8. The method of claim 1 wherein chemicals are added to said tailings to reduce surface tension of the entrained water and accelerate evaporation.

9. The method of claim 1 wherein a plurality of vacuum evaporation chambers are arranged in series so that heated vapours removed from a first vacuum chamber are used to heat the tailings in a succeeding chamber.

10. The method of claim 1 wherein a plurality of vacuum evaporation chambers are arranged in series so that each succeeding chamber has a higher vacuum and tailings are transferred to each successive chamber in series.

11. The method of claim 1 wherein each vacuum chamber has an associated vapor-liquid separator and vacuum pump for removal and disposal of evaporated liquid, and comprising the further step of removing and disposing of evaporated liquid from said tailings.

12. The method of claim 9 wherein vapours from a preceding chamber are used to heat the tailings in a subsequent chamber by direct contact through coils.

13. The method of claim 1 wherein evacuated heated vapours from said one or more vacuum chambers are used to preheat incoming tailings.

14. The method of claim 1 comprising the further step of determining the most effective combination of heat and vacuum for dewatering said tailings in an installation and adjusting the degree of heating and vacuum applied based on that determination for use in subsequent dewatering.

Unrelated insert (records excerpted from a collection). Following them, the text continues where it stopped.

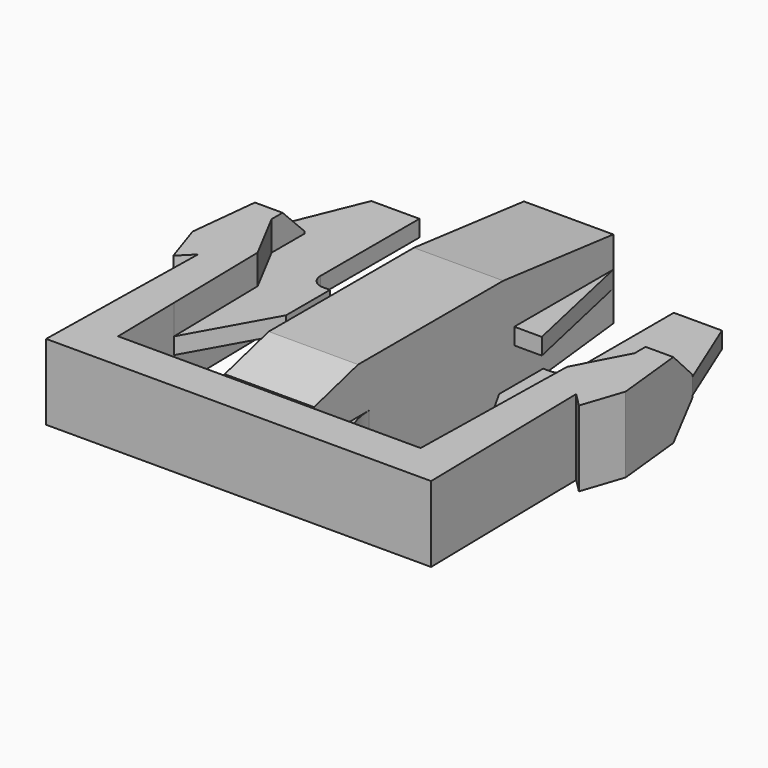
from build123d import *

# Parameters (mm, degrees)
F1_DEPTH    = 2.75
F2_DEPTH    = 0.6
F3_SIZE     = 2
F4_W        = 6.5
F4_H        = 27.2
F5_DEPTH    = 1.2
F6_C1_SIZE2 = 4
F6_C1_SIZE  = 1.1
F6_C2_SIZE2 = 1.1
F6_C2_SIZE  = 4
F7_C1_SIZE2 = 1.1
F7_C1_SIZE  = 10
F7_C2_SIZE2 = 10
F7_C2_SIZE  = 1.1


# Not quite as in the source:
# - a pattern or mirror of a feature is missing from the dataset's text; its kind, count and spacing are read off the source's solid


with BuildPart() as f1:
    # F0 (on Top) → F1 (new body, symmetric)
    with BuildSketch(Plane.XY):
        Polygon((3.25, 30), (0, 30), (-3.25, 30), (-3.25, 21), (-3.25, 7.8), (-3.25, 2.8), (-8.25, 2.8), (-11, 2.8), (-11.1000184963, 8), (-11.25, 15.7975959316), (-13.2, 19.5), (-13.2, 22.5), (-15, 22.5), (-15.75, 15.5), (-14.75, 12.5), (-13.75, 13.5), (-14, 0), (0, 0), (14, 0), (13.75, 13.5), (14.75, 12.5), (15.75, 15.5), (15, 22.5), (13.2, 22.5), (13.2, 19.5), (11.25, 15.7975959316), (11.1000184963, 8), (11, 2.8), (8.25, 2.8), (3.25, 2.8), (3.25, 7.8), (3.25, 21), align=None)
    extrude(amount=F1_DEPTH, both=True)

    # F0 (on Top) → F2 (join, symmetric)
    with BuildSketch(Plane.XY):
        with BuildLine():
            Line((-11.25, 15.7975959316), (-11.1000184963, 8))
            Line((-11.1000184963, 8), (-7.75, 14))
            Line((-7.75, 14), (-7.75, 18))
            Line((-7.75, 18), (-8.25, 18))
            ThreePointArc((-8.25, 18), (-8.9571067812, 18.2928932188), (-9.25, 19))
            Line((-9.25, 19), (-9.25, 28))
            Line((-9.25, 28), (-12.75, 28))
            Line((-12.75, 28), (-15, 22.5))
            Line((-15, 22.5), (-13.2, 22.5))
            Line((-13.2, 22.5), (-13.2, 19.5))
            Line((-13.2, 19.5), (-11.25, 15.7975959316))
        make_face()
        Polygon((-3.25, 21), (-3.25, 30), (-5.25, 21), align=None)
        Polygon((5.25, 21), (3.25, 30), (3.25, 21), align=None)
        with BuildLine():
            Line((7.75, 14), (11.1000184963, 8))
            Line((11.1000184963, 8), (11.25, 15.7975959316))
            Line((11.25, 15.7975959316), (13.2, 19.5))
            Line((13.2, 19.5), (13.2, 22.5))
            Line((13.2, 22.5), (15, 22.5))
            Line((15, 22.5), (12.75, 28))
            Line((12.75, 28), (9.25, 28))
            Line((9.25, 28), (9.25, 19))
            ThreePointArc((9.25, 19), (8.9571067812, 18.2928932188), (8.25, 18))
            Line((8.25, 18), (7.75, 18))
            Line((7.75, 18), (7.75, 14))
        make_face()
        with BuildLine():
            ThreePointArc((8.25, 2.8), (4.7144660941, 4.2644660941), (3.25, 7.8))
            Line((3.25, 7.8), (3.25, 2.8))
            Line((3.25, 2.8), (8.25, 2.8))
        make_face()
        with BuildLine():
            Line((-3.25, 2.8), (-3.25, 7.8))
            ThreePointArc((-3.25, 7.8), (-4.7144660941, 4.2644660941), (-8.25, 2.8))
            Line((-8.25, 2.8), (-3.25, 2.8))
        make_face()
    extrude(amount=F2_DEPTH, both=True)

    # F3
    f3_edges = [f1.edges().sort_by_distance(p)[0] for p in [
        (14.1, 22.5, 2.75),
        (14.1, 22.5, -2.75),
        (-14.1, 22.5, 2.75),
        (-14.1, 22.5, -2.75),
    ]]
    chamfer(f3_edges, length=F3_SIZE)

    # F4 (on face) → F5 (join)
    with BuildSketch(Plane.XY.offset(2.75)):
        with Locations((0, 16.4)):
            Rectangle(F4_W, F4_H)
    f5 = extrude(amount=F5_DEPTH)

    # F5_copies: F5 across plane
    add(f5.mirror(Plane(origin=(0, 0, 0), x_dir=(-1, 0, 0), z_dir=(0, 0, -1))))

    # F6: chamfer of 4 x 1.1 on 2 edges, made by hand

    # F6_c1
    f6_c1_edges = [f1.edges().sort_by_distance(p)[0] for p in [
        (0, 2.8, -3.95),
    ]]
    f6_c1_side = f1.faces().sort_by_distance((0, 2.8, -3.928))[0]
    chamfer(f6_c1_edges, length=F6_C1_SIZE, length2=F6_C1_SIZE2, reference=f6_c1_side)

    # F6_c2
    f6_c2_edges = [f1.edges().sort_by_distance(p)[0] for p in [
        (0, 2.8, 3.95),
    ]]
    f6_c2_side = f1.faces().sort_by_distance((0, 2.822, 3.95))[0]
    chamfer(f6_c2_edges, length=F6_C2_SIZE, length2=F6_C2_SIZE2, reference=f6_c2_side)

    # F7: chamfer of 1.1 x 10 on 2 edges, made by hand

    # F7_c1
    f7_c1_edges = [f1.edges().sort_by_distance(p)[0] for p in [
        (0, 30, 3.95),
    ]]
    f7_c1_side = f1.faces().sort_by_distance((0, 29.978, 3.95))[0]
    chamfer(f7_c1_edges, length=F7_C1_SIZE, length2=F7_C1_SIZE2, reference=f7_c1_side)

    # F7_c2
    f7_c2_edges = [f1.edges().sort_by_distance(p)[0] for p in [
        (0, 30, -3.95),
    ]]
    f7_c2_side = f1.faces().sort_by_distance((0, 30, -3.928))[0]
    chamfer(f7_c2_edges, length=F7_C2_SIZE, length2=F7_C2_SIZE2, reference=f7_c2_side)


solid = f1.part
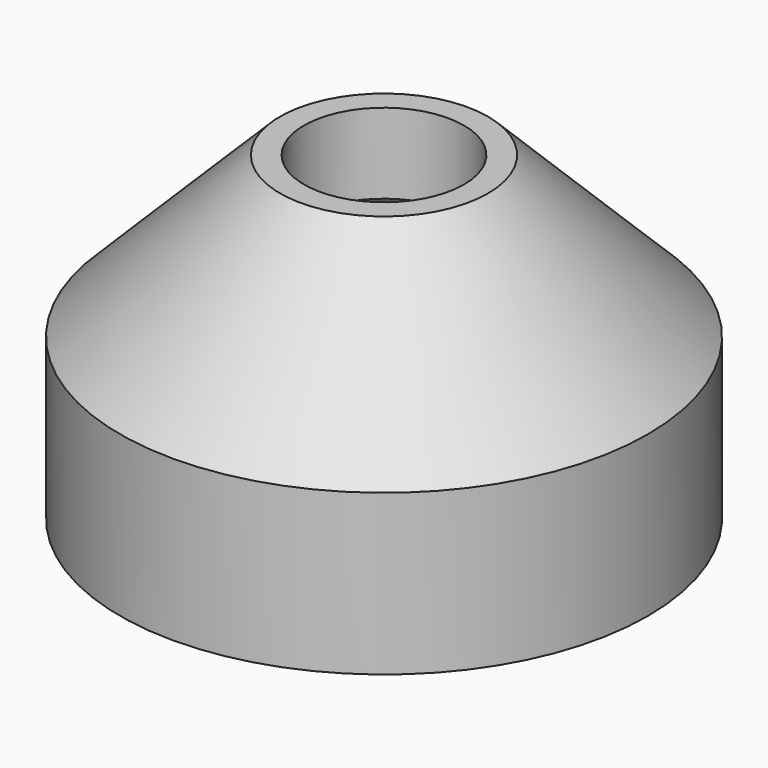
from build123d import *

# Parameters (mm, degrees)
F0_R      = 8.25
F1_DEPTH  = 5
F2_T      = -0.8
F3_R      = 3.75
F4_DEPTH  = 25
F5_R      = 8.25
F6_DEPTH  = 5
F7_SIZE   = 5
F8_T      = 2.3
F9_R      = 2.5
F10_DEPTH = 25


# Not quite as in the source:
# - a shell that OpenCascade refuses in one call is made with other operations: the cavity is built on its own and cut out


with BuildPart() as f1:
    # F0 (on Top) → F1 (new body)
    with BuildSketch(Plane.XY):
        Circle(F0_R)
    extrude(amount=F1_DEPTH)

    # F2
    f2_openings = [f1.faces().sort_by_distance(p)[0] for p in [
        (0, 0, 5),
    ]]
    offset(amount=F2_T, openings=f2_openings)

    # F3 (on face) → F4 (cut)
    with BuildSketch(Plane.XY.offset(0.8)):
        Circle(F3_R)
    extrude(amount=-F4_DEPTH, mode=Mode.SUBTRACT)

    # F5 (on face) → F6 (join)
    with BuildSketch(Plane.XY.offset(5)):
        Circle(F5_R)
    extrude(amount=F6_DEPTH)

    # F7
    f7_edges = [f1.edges().sort_by_distance(p)[0] for p in [
        (-8.25, 0, 10),
    ]]
    chamfer(f7_edges, length=F7_SIZE)

    # F8: shell of thickness 2.3, made by hand


with BuildPart() as f8_core1:
    # F8_t2: copy of F1
    add(f1.part)

    # the walls: a layer under each face that stays
    f8_faces = [f8_core1.faces().sort_by_distance(p)[0] for p in [
        (-8.25, 0, 2.5),
        (-5.75, 0, 7.5),
        (-5.5, -5.5, 0),
        (0, 0, 10),
        (-3.75, 0, 0.4),
        (-4.9666666667, -4.9666666667, 0.8),
        (-7.45, 0, 2.9),
    ]]
    thicken(f8_faces, amount=-F8_T, mode=Mode.SUBTRACT)

    # F8_s3 → F8_t4 (revolve, cut)
    with BuildSketch(Plane.XZ):
        Polygon((7.427, 0.823), (7.45, -1.5), (9.75, -1.5), (9.75, 0.8), align=None)
    revolve(axis=Axis((0, 0, 0.8), (0, 0, -1)), mode=Mode.SUBTRACT)


with BuildPart() as f1_1:
    add(f1.part)

    # what is left inside the walls is the cavity
    f8_cavity = [f8_core1.part.solids().sort_by_distance(p)[0] for p in [
        (-4.081045, 0, 5.883737),
    ]]
    add(f8_cavity, mode=Mode.SUBTRACT)

    # F9 (on face) → F10 (cut)
    with BuildSketch(Plane.XY.offset(10)):
        Circle(F9_R)
    extrude(amount=-F10_DEPTH, mode=Mode.SUBTRACT)


solid = f1_1.part
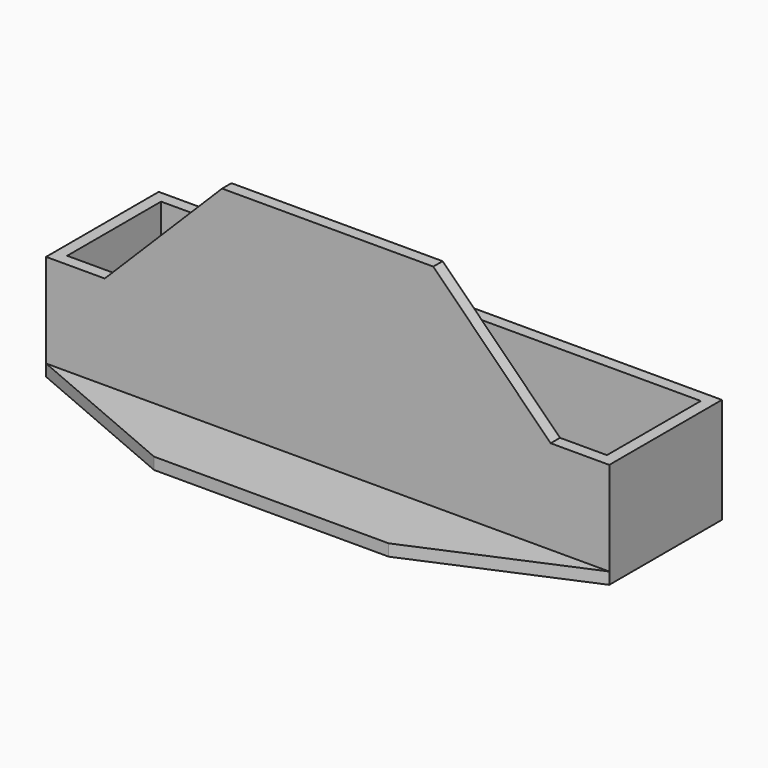
from build123d import *

# Parameters (mm, degrees)
F0_W     = 96
F0_H     = 24
F1_DEPTH = 2
F2_W     = 36
F2_H     = 2
F3_DEPTH = 36
F2_W_2   = 92
F2_W_3   = 2
F2_H_2   = 20
F2_W_4   = 28
F4_DEPTH = 16
F5_SIZE  = 19.99999
F6_DEPTH = 2


# Not quite as in the source:
# - a fillet or chamfer is up to 0.001 mm smaller than in the source, because OpenCascade refuses the exact size


with BuildPart() as f1:
    # F0 (on Top) → F1 (new body)
    with BuildSketch(Plane.XY):
        with Locations((48, 12)):
            Rectangle(F0_W, F0_H)
    extrude(amount=F1_DEPTH)

    # F2 (on face) → F3 (join)
    with BuildSketch(Plane.XY.offset(2)):
        with Locations((48, 1)):
            Rectangle(F2_W, F2_H)
    extrude(amount=F3_DEPTH)

    # F2 (on face) → F4 (join)
    with BuildSketch(Plane.XY.offset(2)):
        with Locations((48, 23)):
            Rectangle(F2_W_2, F2_H)
        with Locations((95, 23)):
            Rectangle(F2_W_3, F2_H)
        with Locations((48, 1)):
            Rectangle(F2_W, F2_H)
        with Locations((95, 12)):
            Rectangle(F2_W_3, F2_H_2)
        with Locations((95, 1)):
            Rectangle(F2_W_3, F2_H)
        Polygon((2, 22), (2, 24), (0, 24), (0, 2), (2, 2), align=None)
        with Locations((1, 1)):
            Rectangle(F2_W_3, F2_H)
        with Locations((16, 1)):
            Rectangle(F2_W_4, F2_H)
        with Locations((80, 1)):
            Rectangle(F2_W_4, F2_H)
    extrude(amount=F4_DEPTH)

    # F5 (size 20 in the source; OpenCascade refuses exactly that, so slightly less here)
    f5_edges = [f1.edges().sort_by_distance(p)[0] for p in [
        (30, 1, 18),
        (66, 1, 18),
    ]]
    chamfer(f5_edges, length=F5_SIZE)

    # F0 (on Top) → F6 (join, through all)
    with BuildSketch(Plane.XY):
        Polygon((96, 0), (0, 0), (28, -12), (68, -12), align=None)
    extrude(amount=F6_DEPTH)


solid = f1.part

15. A system for dewatering tailings from oilsands or other mining operations using vacuum evaporation, comprising:

i) one or more vacuum chambers and means for delivering said tailings to said one or more vacuum chambers;

ii) evacuation means for reducing the pressure in each said one or more vacuum chambers;

iii) heat transfer apparatus for transferring heat to said tailings before, and/or after and/or during such pressure reduction to thereby dewater the tailings;

iv) a measurement device for measuring the density or moisture content of the dewatered tailings in at least one of said one or more vacuum chambers to determine when a predetermined density or moisture content of the tailings in said at least one of said one or more vacuum chambers has been reached.

16. The system of claim 15 wherein said heat transfer apparatus are radiant heating elements or micro-wave heating elements.

17. The system of claim 15 wherein vapours from a preceding chamber are used to heat the tailings in a subsequent chamber by direct contact through coils.

18. The system of claim 15 wherein wherein a plurality of vacuum evaporation chambers are arranged in series so that heated vapours removed from a first vacuum chamber are used to heat the tailings in a succeeding chamber.

19. The system of claim 15 wherein evacuated heated vapours from said one or more vacuum chambers are used to preheat incoming tailings.

20. The system of claim 15 wherein wherein a plurality of vacuum evaporation chambers are arranged in series so that each succeeding chamber has a higher vacuum and tailings are transferred to each successive chamber in series.